Kombination aus PARP-und PD1-Hemmer als Option
Mit der PARP-Inhibition steht eine weitere wichtige Therapieoption beim frühen invasiven Mammakarzinom und Nachweis einer gBRCA1/2-Mutation zur Verfügung. Weist eine gBRCA1-mutierte Patientin mit frühem TNBC, die neoadjuvant mit Pembrolizumab und Chemotherapie behandelt wurde (entsprechend Keynote-522) postoperativ noch einen Tumorrest auf (non-pCR), ist laut SGBCC-Panel die postneoadjuvante Weiterbehandlung mit Pembrolizumab und Olaparib eine Option.
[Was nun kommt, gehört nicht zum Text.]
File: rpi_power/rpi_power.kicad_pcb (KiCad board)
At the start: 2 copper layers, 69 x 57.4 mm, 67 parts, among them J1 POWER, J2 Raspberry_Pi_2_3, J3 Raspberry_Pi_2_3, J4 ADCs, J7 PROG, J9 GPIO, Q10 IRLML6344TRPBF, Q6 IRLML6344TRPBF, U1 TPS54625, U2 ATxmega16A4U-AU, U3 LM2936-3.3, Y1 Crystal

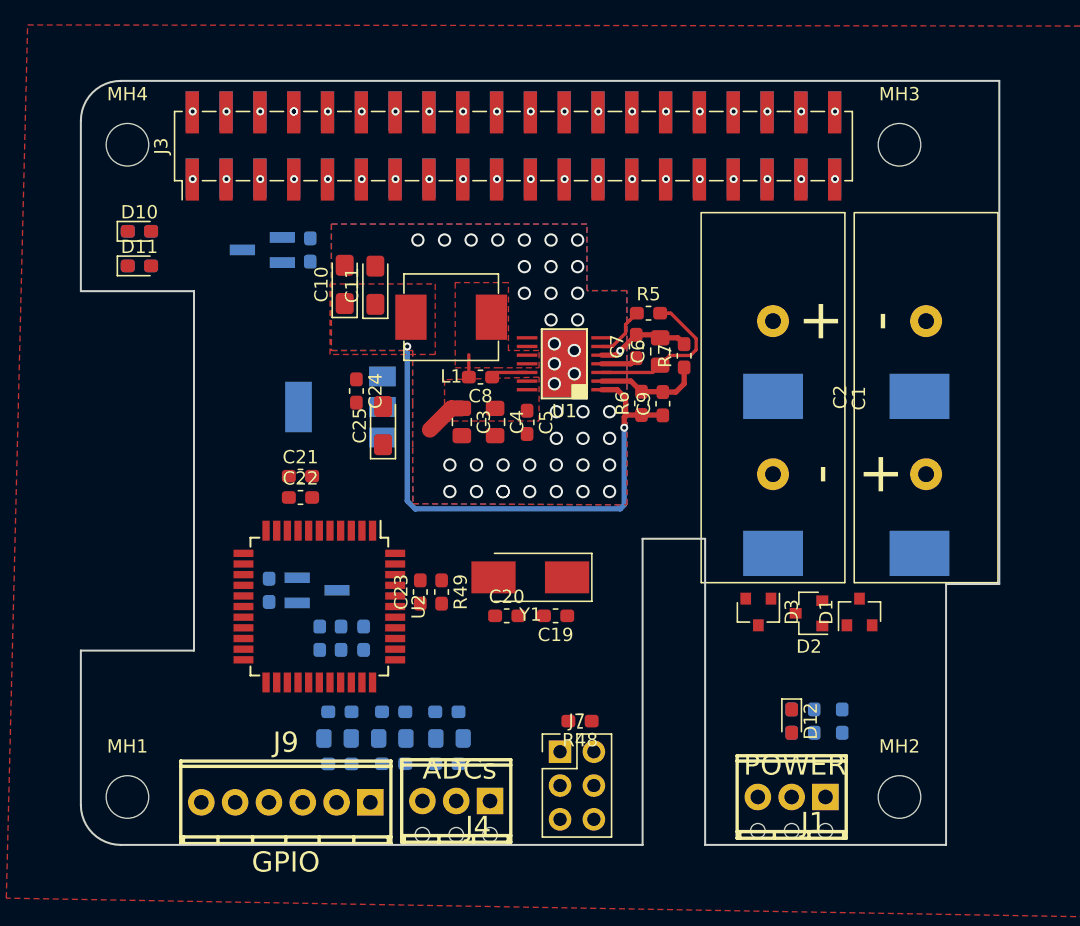
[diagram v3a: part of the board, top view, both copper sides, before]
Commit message: Updated some footprints.
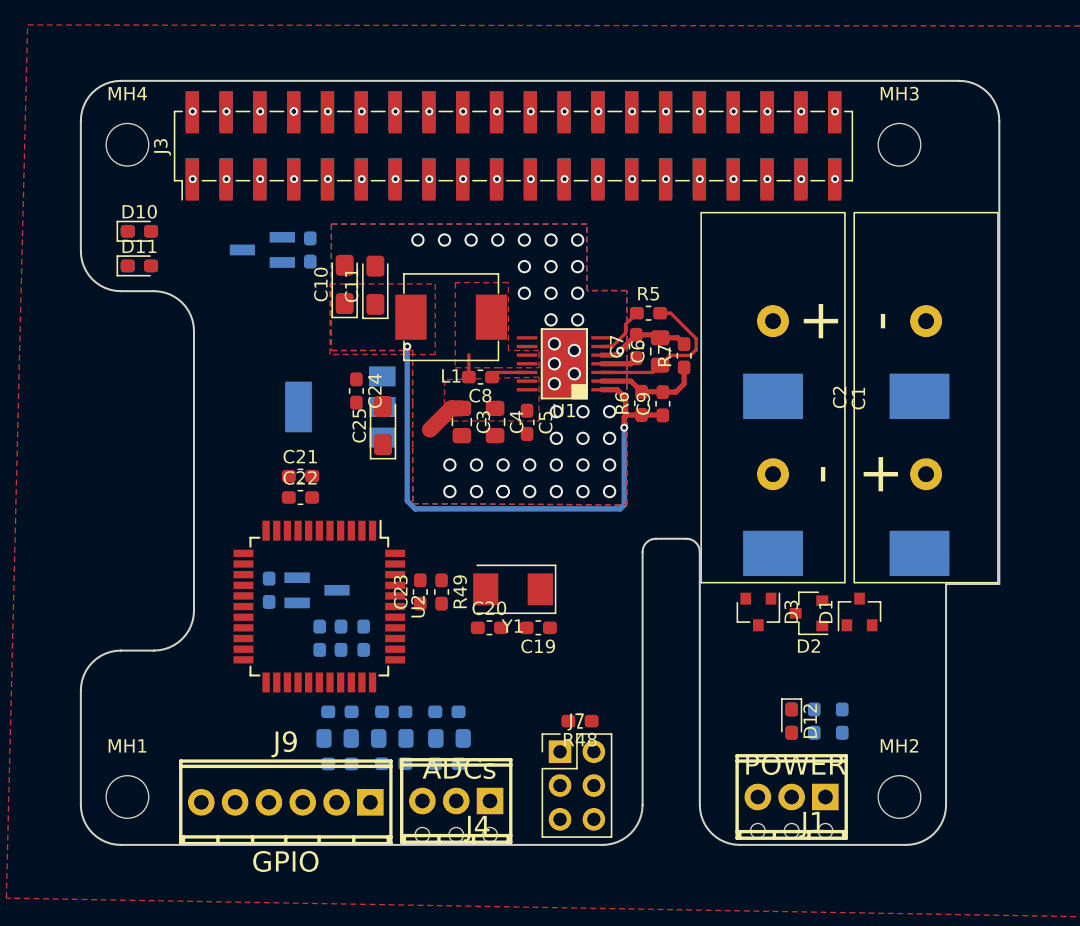
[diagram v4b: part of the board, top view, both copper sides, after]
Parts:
- C10, C11, C25: footprint Capacitor_Tantalum_SMD:CP_EIA-3216-10_Kemet-I_Pad1.58x1.35mm_HandSolder -> Capacitors:Tantalum_SMD_3216_KEMET_T491_HandSolder
- Y1: footprint Crystal:Crystal_SMD_Abracon_ABM3-2Pin_5.0x3.2mm_HandSoldering -> Crystals:Crystal_SMD_Abracon_ABM3-2Pin_5.0x3.2mm
- moved C19 1.58 mm to (150.9, 107.3)
- moved Y1 1.58 mm to (149.0, 104.4)
- moved C20 1.58 mm to (147.2, 107.3)
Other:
- outline, holes or cut-outs redrawn

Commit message: Routing done, pending review.
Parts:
- C12, C13, C14: footprint Capacitor_SMD:C_0805_2012Metric_Pad1.15x1.40mm_HandSolder -> Capacitor_SMD:C_0603_1608Metric_Pad1.05x0.95mm_HandSolder
- C21, C22, C23: moved to B.Cu
- U1: footprint TexasInstruments:HTSSOP-14-PWP -> TexasInstruments:HTSSOP-14-PWP_Handsolder
- moved R32 18.8 mm to (152.3, 102.2), turned to 180 degrees
- moved R31 16.4 mm to (152.3, 100.6), turned to 0 degrees
- moved R30 13.8 mm to (144.3, 102.2)
- moved Q6 13.7 mm to (147.8, 102.2)
- moved C14 8.87 mm to (138.5, 108.8), turned to 90 degrees
- moved C13 7.43 mm to (136.9, 108.8), turned to 90 degrees
- moved C12 6.82 mm to (135.3, 108.8), turned to 90 degrees
- moved C21 6.70 mm to (132.8, 102.6), turned to 270 degrees
- moved C19 6.12 mm to (144.8, 108.2), turned to 270 degrees
- moved R12 5.44 mm to (148.6, 114.6), turned to 90 degrees
- moved C22 5.41 mm to (131.2, 102.6), turned to 270 degrees
- moved D12 4.70 mm to (169.9, 109.6)
- moved R1 4.70 mm to (169.9, 109.6)
- moved R2 4.70 mm to (171.6, 109.6)
- moved R47 4.70 mm to (173.7, 109.6)
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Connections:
- J2 pad 1: +3V3 -> 1
- J2 pad 17: +3V3 -> 17
- J3 pad 1: +3V3 -> 1
- J3 pad 17: +3V3 -> 17
- J7 pad 3: (no net) -> Net-(J7-Pad3)
- J7 pad 4: (no net) -> Net-(J7-Pad4)
- U2 pad 1: (no net) -> Net-(U2-Pad1)
- U2 pad 12: (no net) -> Net-(U2-Pad12)
- U2 pad 13: (no net) -> Net-(U2-Pad13)
- U2 pad 14: (no net) -> Net-(U2-Pad14)
- U2 pad 15: (no net) -> Net-(U2-Pad15)
- U2 pad 16: (no net) -> Net-(U2-Pad16)
- U2 pad 17: (no net) -> Net-(U2-Pad17)
- U2 pad 2: (no net) -> Net-(U2-Pad2)
- U2 pad 20: (no net) -> Net-(U2-Pad20)
- U2 pad 21: (no net) -> Net-(U2-Pad21)
- U2 pad 22: (no net) -> Net-(U2-Pad22)
- U2 pad 3: (no net) -> Net-(U2-Pad3)
- U2 pad 40: (no net) -> Net-(U2-Pad40)
- U2 pad 41: (no net) -> Net-(U2-Pad41)
- U2 pad 42: (no net) -> Net-(U2-Pad42)
- U2 pad 43: (no net) -> Net-(U2-Pad43)
- U2 pad 44: (no net) -> Net-(U2-Pad44)
- U2 pad 5: WATCHDOG -> ENABLE
- U2 pad 7: ENABLE -> WATCHDOG
- U3 pad 4: (no net) -> GND
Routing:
- net POWER_STATE: track 0.00 -> 87.7 mm, vias 1 -> 2
- net VCC: track 0.00 -> 66.4 mm, vias 0 -> 5
- net VCOND: track 3.06 -> 67.6 mm, vias 0 -> 2
- net ENABLE: track 0.00 -> 53.3 mm, vias 0 -> 2
- net LED_RUN: track 0.00 -> 42.3 mm
- net +5V: track 41.2 -> 82.8 mm, vias 4 -> 3
- net WATCHDOG: track 0.00 -> 34.3 mm, vias 1 -> 3
- net I2C_SDA: track 0.00 -> 28.0 mm, vias 1 -> 3
- net +12V: track 0.00 -> 27.7 mm, vias 0 -> 1
- net ADC0: track 0.00 -> 27.7 mm, vias 0 -> 1
- net I2C_SCL: track 0.00 -> 26.6 mm, vias 1 -> 3
- net PDI_CLK: track 0.00 -> 23.3 mm
- net Net-(C1-Pad1): track 0.00 -> 22.2 mm, vias 0 -> 1
- net Net-(C15-Pad2): track 0.00 -> 21.3 mm
- net Net-(D1-Pad1): track 0.00 -> 19.1 mm, vias 0 -> 1
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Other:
- outline, holes or cut-outs redrawn
- board text added: "+12V"
- board text added: "+5V ON"
- board text added: "ADC1"
- board text added: "ADC2"
- board text added: "ADC3"
- board text added: "GND"
- board text added: "GPIO0"
- board text added: "GPIO1"
- board text added: "GPIO2"
- board text added: "GPIO3"
- board text added: "GPIO4"
- board text added: "RUN"
- board text added: "VCOND"

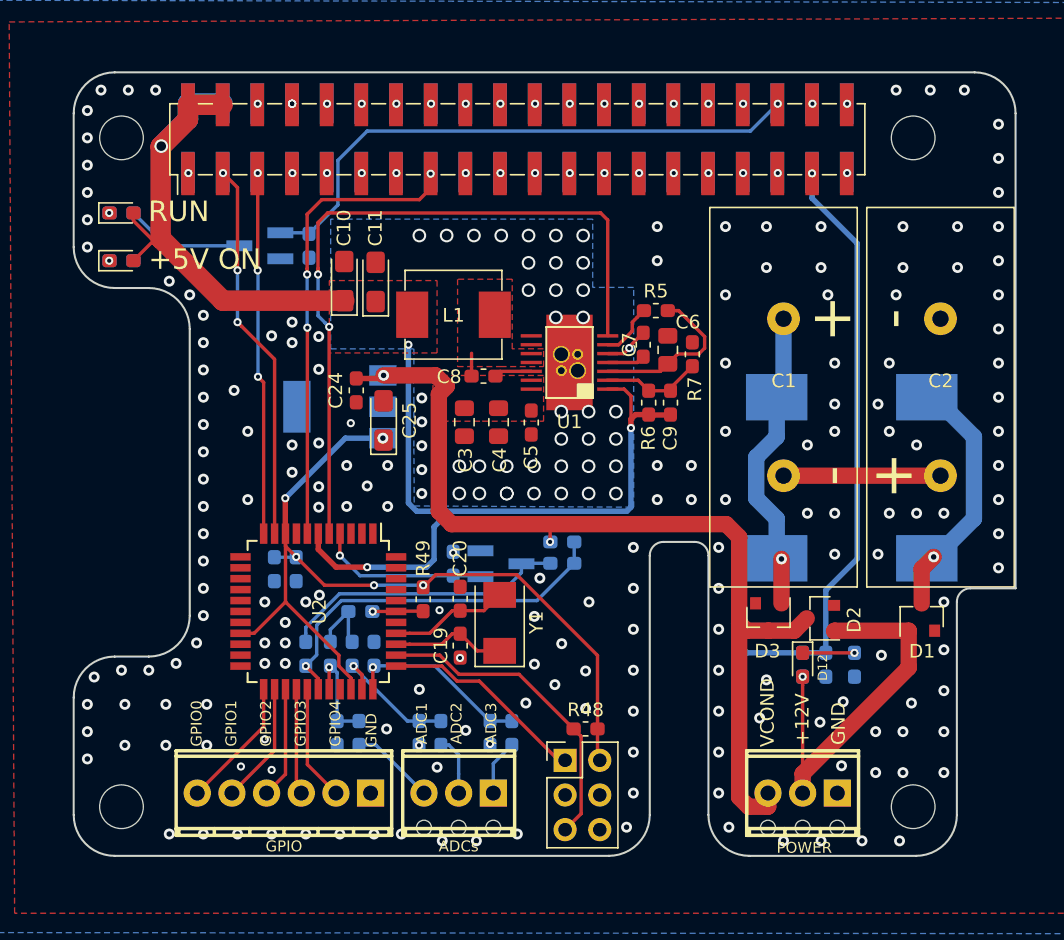
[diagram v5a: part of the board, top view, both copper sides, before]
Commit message: Routing and silkscreen done.
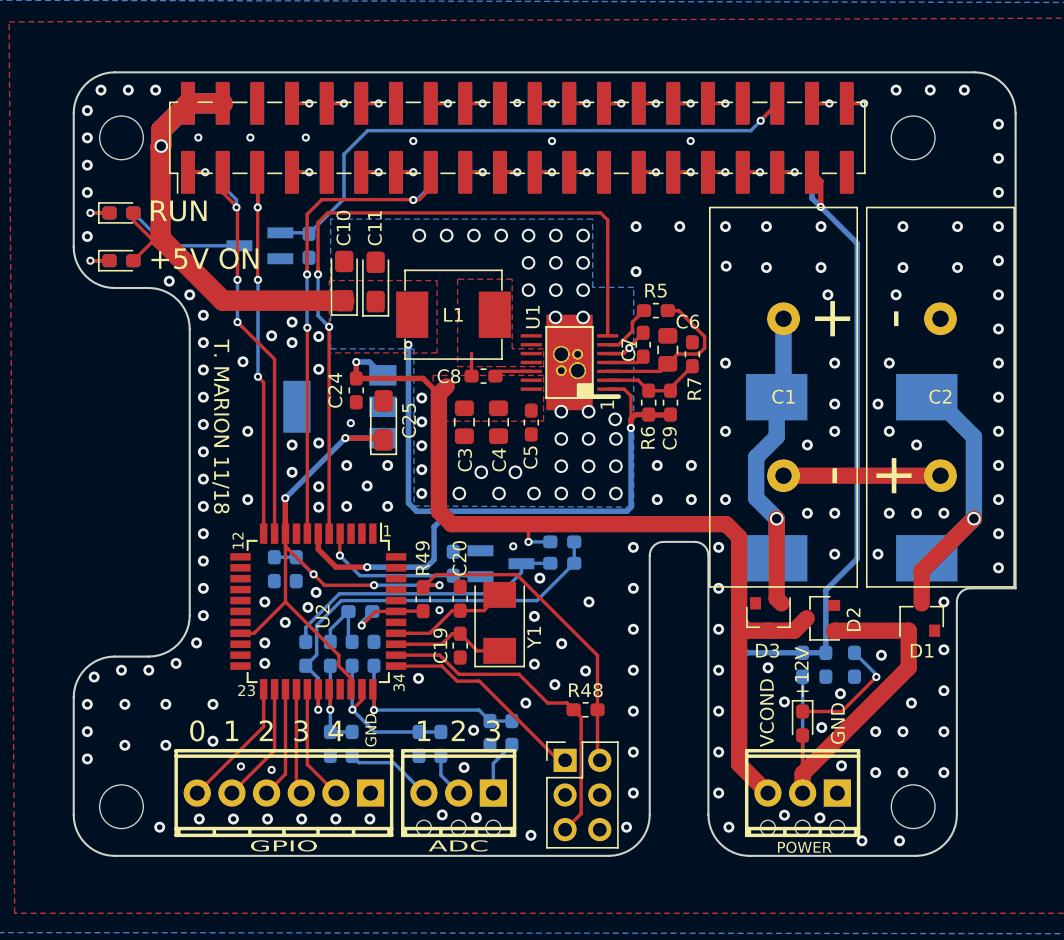
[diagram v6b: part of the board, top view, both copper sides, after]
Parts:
- added G***: LOGO, Logos:taz, B.Cu at (160.4, 84.1)
- J4: value ADCs -> ADC
- moved D12 4.30 mm to (169.9, 113.9)
- moved R48 1.40 mm to (154.0, 112.9)
- moved R8 0.94 mm to (136.9, 115.4)
- moved R9 0.94 mm to (135.3, 115.4)
- moved R10 0.80 mm to (143.4, 115.4)
- moved R11 0.80 mm to (141.8, 115.4)
- moved J3 0.10 mm to (149.0, 71.0)
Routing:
- net VCC: track 66.4 -> 73.5 mm
- net Net-(D12-Pad1): track 3.80 -> 8.88 mm
- net +12V: track 27.7 -> 31.9 mm, vias 1 -> 0
- net Net-(D1-Pad1): track 19.1 -> 23.1 mm
- net Net-(C1-Pad1): track 22.2 -> 25.3 mm
- net ADC0: track 27.7 -> 30.7 mm
- net I2C_SDA: track 28.0 -> 31.0 mm
- net POWER_STATE: track 87.7 -> 90.5 mm
- net Net-(D11-Pad1): track 0.00 -> 2.80 mm
- net Net-(D10-Pad1): track 0.00 -> 2.80 mm
- net VCOND: track 67.6 -> 70.3 mm
- net WATCHDOG: track 34.3 -> 37.0 mm
- net I2C_SCL: track 26.6 -> 29.2 mm
- net Net-(C23-Pad1): track 3.71 -> 6.28 mm
- net 40: track 0.00 -> 2.54 mm
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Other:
- board text added: "0"
- board text added: "1"
- board text added: "12"
- board text added: "2"
- board text added: "23"
- board text added: "3"
- board text added: "34"
- board text added: "4"
- board text added: "RPi_power Rev. A"
- board text added: "T. MARION 11/18"
- board text added: "https://github.com/Talw3g/rpi_power_board"
- board text removed: "ADC1"
- board text removed: "ADC2"
- board text removed: "ADC3"
- board text removed: "GPIO0"
- board text removed: "GPIO1"
- board text removed: "GPIO2"
- board text removed: "GPIO3"
- board text removed: "GPIO4"

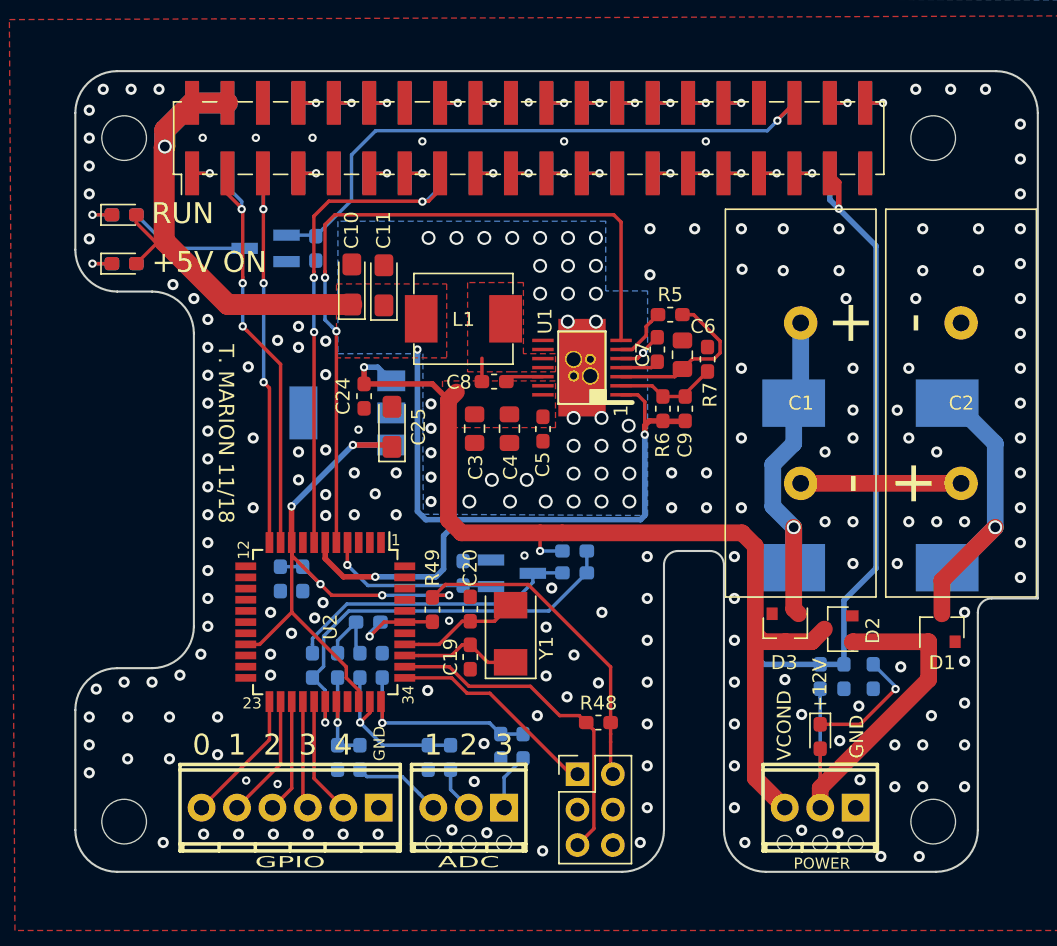
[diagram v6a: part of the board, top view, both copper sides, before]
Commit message: Differentiated VCOND and BATT+. Routing done.
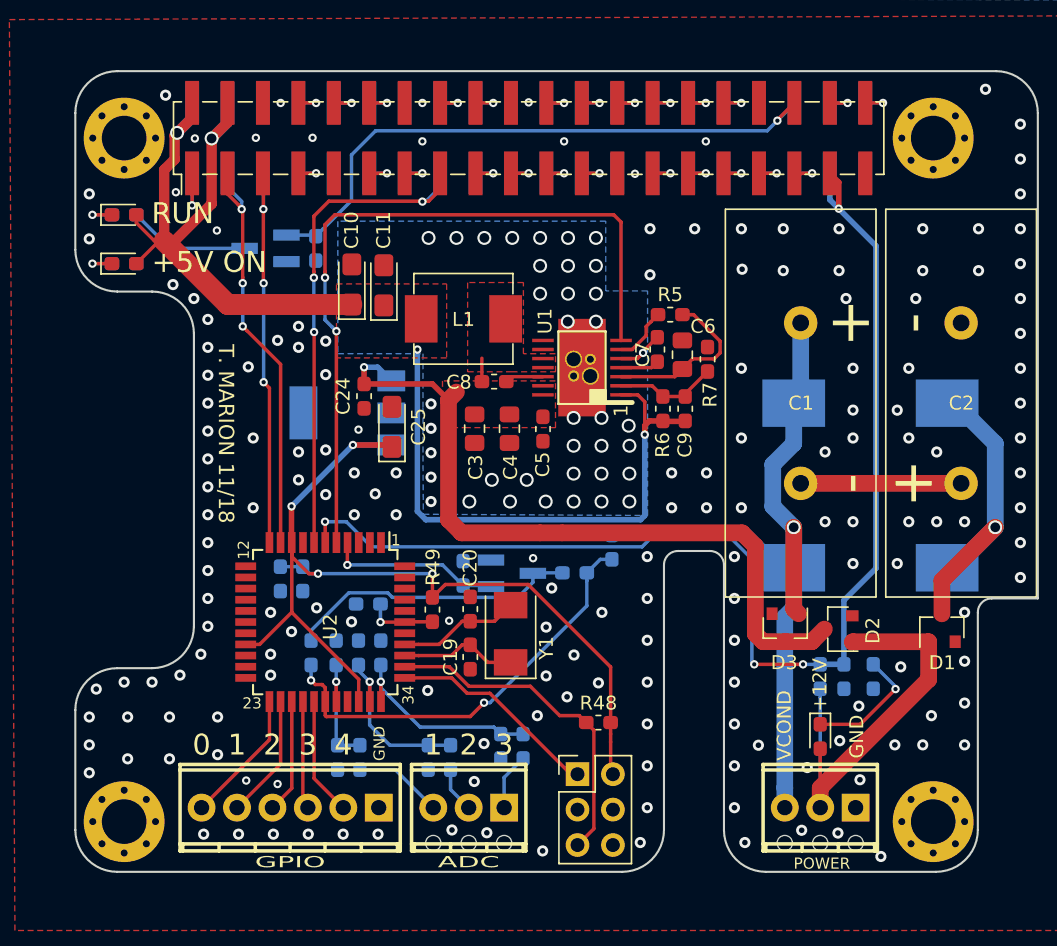
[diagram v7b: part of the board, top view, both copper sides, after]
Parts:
- MH1, MH2, MH3, MH4: footprint MountingHole:MountingHole_3.2mm_M3_DIN965 -> Pads:MountingHole_M3-5.8_Pad_Via
- moved R31 2.69 mm to (155.0, 100.3), turned to 270 degrees
- moved C23 1.30 mm to (137.5, 104.4)
- moved C12 0.91 mm to (135.2, 107.9)
- moved C13 0.91 mm to (136.8, 107.9)
- moved C14 0.91 mm to (138.4, 107.9)
- moved C15 0.91 mm to (133.4, 107.9)
- moved G*** 0.21 mm to (160.2, 84.2)
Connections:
- net VCOND_MEASURE renamed BATT+_MEASURE
- C1 pad 1: Net-(C1-Pad1) -> BATT+
- D3 pad 2: Net-(C1-Pad1) -> BATT+
- J1 pad 3: VCOND -> BATT+
- J7 pad 3: Net-(J7-Pad3) -> (no net)
- J7 pad 4: Net-(J7-Pad4) -> (no net)
- R3 pad 1: Net-(C1-Pad1) -> BATT+
- R31 pad 1: VCOND -> BATT+
- R4 pad 1: Net-(C1-Pad1) -> BATT+
- U2 pad 1: Net-(U2-Pad1) -> (no net)
- U2 pad 12: Net-(U2-Pad12) -> (no net)
- U2 pad 13: Net-(U2-Pad13) -> (no net)
- U2 pad 14: Net-(U2-Pad14) -> (no net)
- U2 pad 15: Net-(U2-Pad15) -> (no net)
- U2 pad 16: Net-(U2-Pad16) -> (no net)
- U2 pad 17: Net-(U2-Pad17) -> (no net)
- U2 pad 2: Net-(U2-Pad2) -> (no net)
- U2 pad 20: Net-(U2-Pad20) -> (no net)
- U2 pad 21: Net-(U2-Pad21) -> (no net)
- U2 pad 22: Net-(U2-Pad22) -> (no net)
- U2 pad 3: Net-(U2-Pad3) -> (no net)
- U2 pad 40: Net-(U2-Pad40) -> (no net)
- U2 pad 41: Net-(U2-Pad41) -> (no net)
- U2 pad 42: Net-(U2-Pad42) -> (no net)
- U2 pad 43: Net-(U2-Pad43) -> (no net)
- U2 pad 44: Net-(U2-Pad44) -> (no net)
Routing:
- net BATT+: track 0.00 -> 57.0 mm, vias 0 -> 1
- net Net-(C1-Pad1): track 25.3 -> 0.00 mm, vias 1 -> 0
- net VCOND: track 70.3 -> 54.1 mm, vias 2 -> 1
- net +5V: track 82.9 -> 91.7 mm, vias 3 -> 4
- net GND: track 10.9 -> 6.22 mm, vias 222 -> 214
- net POWER_STATE: track 90.5 -> 88.2 mm, vias 2 -> 4
- net 1: track 2.54 -> 4.61 mm
- net VCC: track 73.5 -> 71.6 mm, vias 5 -> 4
- net Net-(C23-Pad1): track 6.28 -> 5.04 mm
- net ADC1: track 7.98 -> 8.82 mm
- net ADC3: track 15.2 -> 14.6 mm
- net ADC0: track 30.7 -> 31.0 mm, vias 1 -> 2

Zwar gibt es bislang keine Wirksamkeitsdaten für die Gabe beider Substanzen. Dennoch befürworteten die Panelmitglieder dies mehrheitlich aufgrund des hohen Risikos. Zudem zeigen Sicherheitsdaten, dass die kombinierte Gabe unter Sicherheitsaspekten möglich ist. Knapp ein Viertel der Experten würde beide Substanzen in Sequenz geben.
Analog dazu empfiehlt eine einfache Mehrheit bei einer gBRCA2-mutierten Patientin mit einem ER+/HER2- invasiven Mammakarzinom im Stadium III – ebenfalls einer Hochrisiko-Situation – nach (neo)adjuvanter dosisdichter Chemotherapie (z.B. AC/Paclitaxel) adjuvant zusätzlich zur endokrinen Standardtherapie Olaparib und Abemaciclib in Sequenz zu geben. Knapp 38 Prozent würden zusätzlich zur endokrinen Therapie nur Olaparib einsetzen.